====== STORED DATA ======

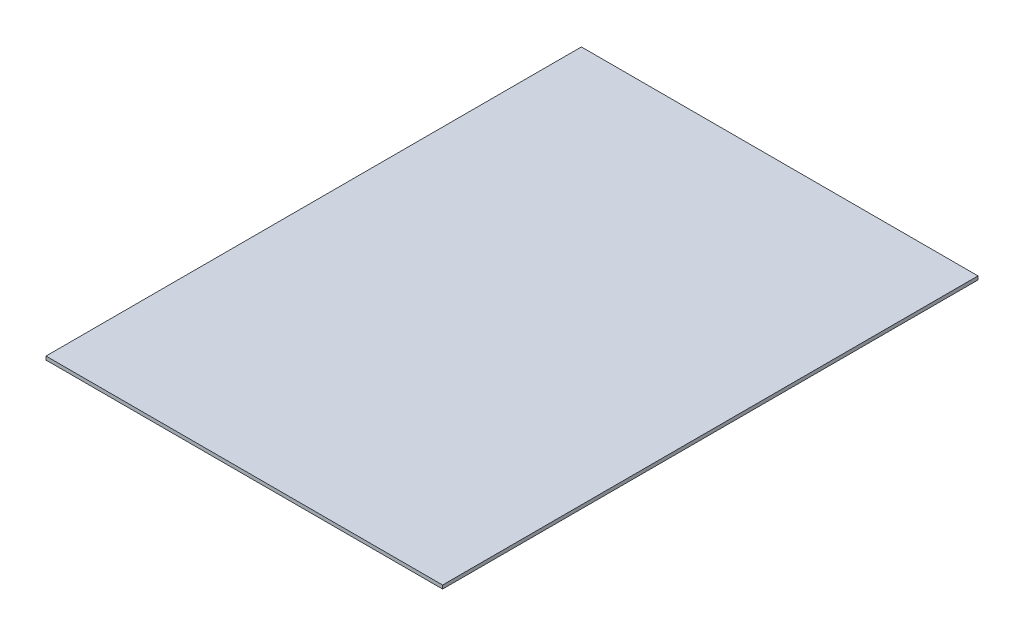
ISO-10303-21;
HEADER;
FILE_DESCRIPTION(('STEP AP214'),'2;1');
FILE_NAME('part.step','',(''),(''),'','','');
FILE_SCHEMA(('AUTOMOTIVE_DESIGN { 1 0 10303 214 1 1 1 1 }'));
ENDSEC;
DATA;
#1=APPLICATION_CONTEXT('core data for automotive mechanical design processes');
#2=APPLICATION_PROTOCOL_DEFINITION('international standard','automotive_design',2000,#1);
#3=PRODUCT_CONTEXT('',#1,'mechanical');
#4=PRODUCT('Part','Part','',(#3));
#5=PRODUCT_RELATED_PRODUCT_CATEGORY('part','',(#4));
#6=PRODUCT_DEFINITION_FORMATION('','',#4);
#7=PRODUCT_DEFINITION_CONTEXT('part definition',#1,'design');
#8=PRODUCT_DEFINITION('design','',#6,#7);
#9=PRODUCT_DEFINITION_SHAPE('','',#8);
#10=(LENGTH_UNIT() NAMED_UNIT(*) SI_UNIT(.MILLI.,.METRE.));
#11=(NAMED_UNIT(*) PLANE_ANGLE_UNIT() SI_UNIT($,.RADIAN.));
#12=(NAMED_UNIT(*) SI_UNIT($,.STERADIAN.) SOLID_ANGLE_UNIT());
#13=UNCERTAINTY_MEASURE_WITH_UNIT(LENGTH_MEASURE(1.E-05),#10,'distance_accuracy_value','');
#14=(GEOMETRIC_REPRESENTATION_CONTEXT(3) GLOBAL_UNCERTAINTY_ASSIGNED_CONTEXT((#13)) GLOBAL_UNIT_ASSIGNED_CONTEXT((#10,
#11,#12)) REPRESENTATION_CONTEXT('',''));
#15=CARTESIAN_POINT('',(0.,0.,0.));
#16=DIRECTION('',(0.,0.,1.));
#17=DIRECTION('',(1.,0.,0.));
#18=AXIS2_PLACEMENT_3D('',#15,#16,#17);
#19=CARTESIAN_POINT('',(88.9,1.5875,-120.015));
#20=DIRECTION('',(-1.,0.,0.));
#21=DIRECTION('',(0.,0.,1.));
#22=AXIS2_PLACEMENT_3D('',#19,#20,#21);
#23=PLANE('',#22);
#24=DIRECTION('',(0.,0.,-1.));
#25=VECTOR('',#24,1.);
#26=CARTESIAN_POINT('',(88.9,0.,-120.015));
#27=LINE('',#26,#25);
#28=CARTESIAN_POINT('',(88.9,0.,120.015));
#29=VERTEX_POINT('',#28);
#30=CARTESIAN_POINT('',(88.9,0.,-120.015));
#31=VERTEX_POINT('',#30);
#32=EDGE_CURVE('E111',#29,#31,#27,.T.);
#33=ORIENTED_EDGE('',*,*,#32,.T.);
#34=DIRECTION('',(0.,-1.,0.));
#35=VECTOR('',#34,1.);
#36=CARTESIAN_POINT('',(88.9,1.5875,-120.015));
#37=LINE('',#36,#35);
#38=CARTESIAN_POINT('',(88.9,1.5875,-120.015));
#39=VERTEX_POINT('',#38);
#40=EDGE_CURVE('E11',#39,#31,#37,.T.);
#41=ORIENTED_EDGE('',*,*,#40,.F.);
#42=DIRECTION('',(0.,0.,-1.));
#43=VECTOR('',#42,1.);
#44=CARTESIAN_POINT('',(88.9,1.5875,-120.015));
#45=LINE('',#44,#43);
#46=CARTESIAN_POINT('',(88.9,1.5875,120.015));
#47=VERTEX_POINT('',#46);
#48=EDGE_CURVE('E95',#47,#39,#45,.T.);
#49=ORIENTED_EDGE('',*,*,#48,.F.);
#50=DIRECTION('',(0.,-1.,0.));
#51=VECTOR('',#50,1.);
#52=CARTESIAN_POINT('',(88.9,1.5875,120.015));
#53=LINE('',#52,#51);
#54=EDGE_CURVE('E107',#47,#29,#53,.T.);
#55=ORIENTED_EDGE('',*,*,#54,.T.);
#56=EDGE_LOOP('',(#33,#41,#49,#55));
#57=FACE_BOUND('',#56,.T.);
#58=ADVANCED_FACE('F43',(#57),#23,.F.);
#59=CARTESIAN_POINT('',(-88.9,1.5875,-120.015));
#60=DIRECTION('',(0.,0.,1.));
#61=DIRECTION('',(1.,0.,0.));
#62=AXIS2_PLACEMENT_3D('',#59,#60,#61);
#63=PLANE('',#62);
#64=DIRECTION('',(-1.,0.,0.));
#65=VECTOR('',#64,1.);
#66=CARTESIAN_POINT('',(-88.9,0.,-120.015));
#67=LINE('',#66,#65);
#68=CARTESIAN_POINT('',(-88.9,0.,-120.015));
#69=VERTEX_POINT('',#68);
#70=EDGE_CURVE('E100',#31,#69,#67,.T.);
#71=ORIENTED_EDGE('',*,*,#70,.T.);
#72=DIRECTION('',(0.,-1.,0.));
#73=VECTOR('',#72,1.);
#74=CARTESIAN_POINT('',(-88.9,1.5875,-120.015));
#75=LINE('',#74,#73);
#76=CARTESIAN_POINT('',(-88.9,1.5875,-120.015));
#77=VERTEX_POINT('',#76);
#78=EDGE_CURVE('E52',#77,#69,#75,.T.);
#79=ORIENTED_EDGE('',*,*,#78,.F.);
#80=DIRECTION('',(-1.,0.,0.));
#81=VECTOR('',#80,1.);
#82=CARTESIAN_POINT('',(-88.9,1.5875,-120.015));
#83=LINE('',#82,#81);
#84=EDGE_CURVE('E90',#39,#77,#83,.T.);
#85=ORIENTED_EDGE('',*,*,#84,.F.);
#86=ORIENTED_EDGE('',*,*,#40,.T.);
#87=EDGE_LOOP('',(#71,#79,#85,#86));
#88=FACE_BOUND('',#87,.T.);
#89=ADVANCED_FACE('F99',(#88),#63,.F.);
#90=CARTESIAN_POINT('',(-88.9,1.5875,-120.015));
#91=DIRECTION('',(1.,0.,0.));
#92=DIRECTION('',(0.,0.,-1.));
#93=AXIS2_PLACEMENT_3D('',#90,#91,#92);
#94=PLANE('',#93);
#95=DIRECTION('',(0.,0.,1.));
#96=VECTOR('',#95,1.);
#97=CARTESIAN_POINT('',(-88.9,0.,-120.015));
#98=LINE('',#97,#96);
#99=CARTESIAN_POINT('',(-88.9,0.,120.015));
#100=VERTEX_POINT('',#99);
#101=EDGE_CURVE('E77',#69,#100,#98,.T.);
#102=ORIENTED_EDGE('',*,*,#101,.T.);
#103=DIRECTION('',(0.,-1.,0.));
#104=VECTOR('',#103,1.);
#105=CARTESIAN_POINT('',(-88.9,1.5875,120.015));
#106=LINE('',#105,#104);
#107=CARTESIAN_POINT('',(-88.9,1.5875,120.015));
#108=VERTEX_POINT('',#107);
#109=EDGE_CURVE('E102',#108,#100,#106,.T.);
#110=ORIENTED_EDGE('',*,*,#109,.F.);
#111=DIRECTION('',(0.,0.,1.));
#112=VECTOR('',#111,1.);
#113=CARTESIAN_POINT('',(-88.9,1.5875,-120.015));
#114=LINE('',#113,#112);
#115=EDGE_CURVE('E93',#77,#108,#114,.T.);
#116=ORIENTED_EDGE('',*,*,#115,.F.);
#117=ORIENTED_EDGE('',*,*,#78,.T.);
#118=EDGE_LOOP('',(#102,#110,#116,#117));
#119=FACE_BOUND('',#118,.T.);
#120=ADVANCED_FACE('F103',(#119),#94,.F.);
#121=CARTESIAN_POINT('',(-88.9,1.5875,120.015));
#122=DIRECTION('',(0.,0.,-1.));
#123=DIRECTION('',(-1.,0.,0.));
#124=AXIS2_PLACEMENT_3D('',#121,#122,#123);
#125=PLANE('',#124);
#126=DIRECTION('',(1.,0.,0.));
#127=VECTOR('',#126,1.);
#128=CARTESIAN_POINT('',(-88.9,0.,120.015));
#129=LINE('',#128,#127);
#130=EDGE_CURVE('E83',#100,#29,#129,.T.);
#131=ORIENTED_EDGE('',*,*,#130,.T.);
#132=ORIENTED_EDGE('',*,*,#54,.F.);
#133=DIRECTION('',(1.,0.,0.));
#134=VECTOR('',#133,1.);
#135=CARTESIAN_POINT('',(-88.9,1.5875,120.015));
#136=LINE('',#135,#134);
#137=EDGE_CURVE('E60',#108,#47,#136,.T.);
#138=ORIENTED_EDGE('',*,*,#137,.F.);
#139=ORIENTED_EDGE('',*,*,#109,.T.);
#140=EDGE_LOOP('',(#131,#132,#138,#139));
#141=FACE_BOUND('',#140,.T.);
#142=ADVANCED_FACE('F124',(#141),#125,.F.);
#143=CARTESIAN_POINT('',(0.,1.5875,0.));
#144=DIRECTION('',(0.,1.,0.));
#145=DIRECTION('',(0.,0.,1.));
#146=AXIS2_PLACEMENT_3D('',#143,#144,#145);
#147=PLANE('',#146);
#148=ORIENTED_EDGE('',*,*,#48,.T.);
#149=ORIENTED_EDGE('',*,*,#84,.T.);
#150=ORIENTED_EDGE('',*,*,#115,.T.);
#151=ORIENTED_EDGE('',*,*,#137,.T.);
#152=EDGE_LOOP('',(#148,#149,#150,#151));
#153=FACE_BOUND('',#152,.T.);
#154=ADVANCED_FACE('F91',(#153),#147,.T.);
#155=CARTESIAN_POINT('',(0.,0.,0.));
#156=DIRECTION('',(0.,1.,0.));
#157=DIRECTION('',(0.,0.,1.));
#158=AXIS2_PLACEMENT_3D('',#155,#156,#157);
#159=PLANE('',#158);
#160=ORIENTED_EDGE('',*,*,#32,.F.);
#161=ORIENTED_EDGE('',*,*,#130,.F.);
#162=ORIENTED_EDGE('',*,*,#101,.F.);
#163=ORIENTED_EDGE('',*,*,#70,.F.);
#164=EDGE_LOOP('',(#160,#161,#162,#163));
#165=FACE_BOUND('',#164,.T.);
#166=ADVANCED_FACE('F127',(#165),#159,.F.);
#167=CLOSED_SHELL('',(#58,#89,#120,#142,#154,#166));
#168=MANIFOLD_SOLID_BREP('B2',#167);
#169=ADVANCED_BREP_SHAPE_REPRESENTATION('',(#18,#168),#14);
#170=SHAPE_DEFINITION_REPRESENTATION(#9,#169);
ENDSEC;
END-ISO-10303-21;

======

PROBLEM DETAILS: The expected answer is an exact copy of the lines above, beginning at the line with "#28=CARTESIAN_POINT('',(88.9,0.,120.015));" and ending at the line with "#37=LINE('',#36,#35);", with both ends in.

THE ANSWER:
#28=CARTESIAN_POINT('',(88.9,0.,120.015));
#29=VERTEX_POINT('',#28);
#30=CARTESIAN_POINT('',(88.9,0.,-120.015));
#31=VERTEX_POINT('',#30);
#32=EDGE_CURVE('E111',#29,#31,#27,.T.);
#33=ORIENTED_EDGE('',*,*,#32,.T.);
#34=DIRECTION('',(0.,-1.,0.));
#35=VECTOR('',#34,1.);
#36=CARTESIAN_POINT('',(88.9,1.5875,-120.015));
#37=LINE('',#36,#35);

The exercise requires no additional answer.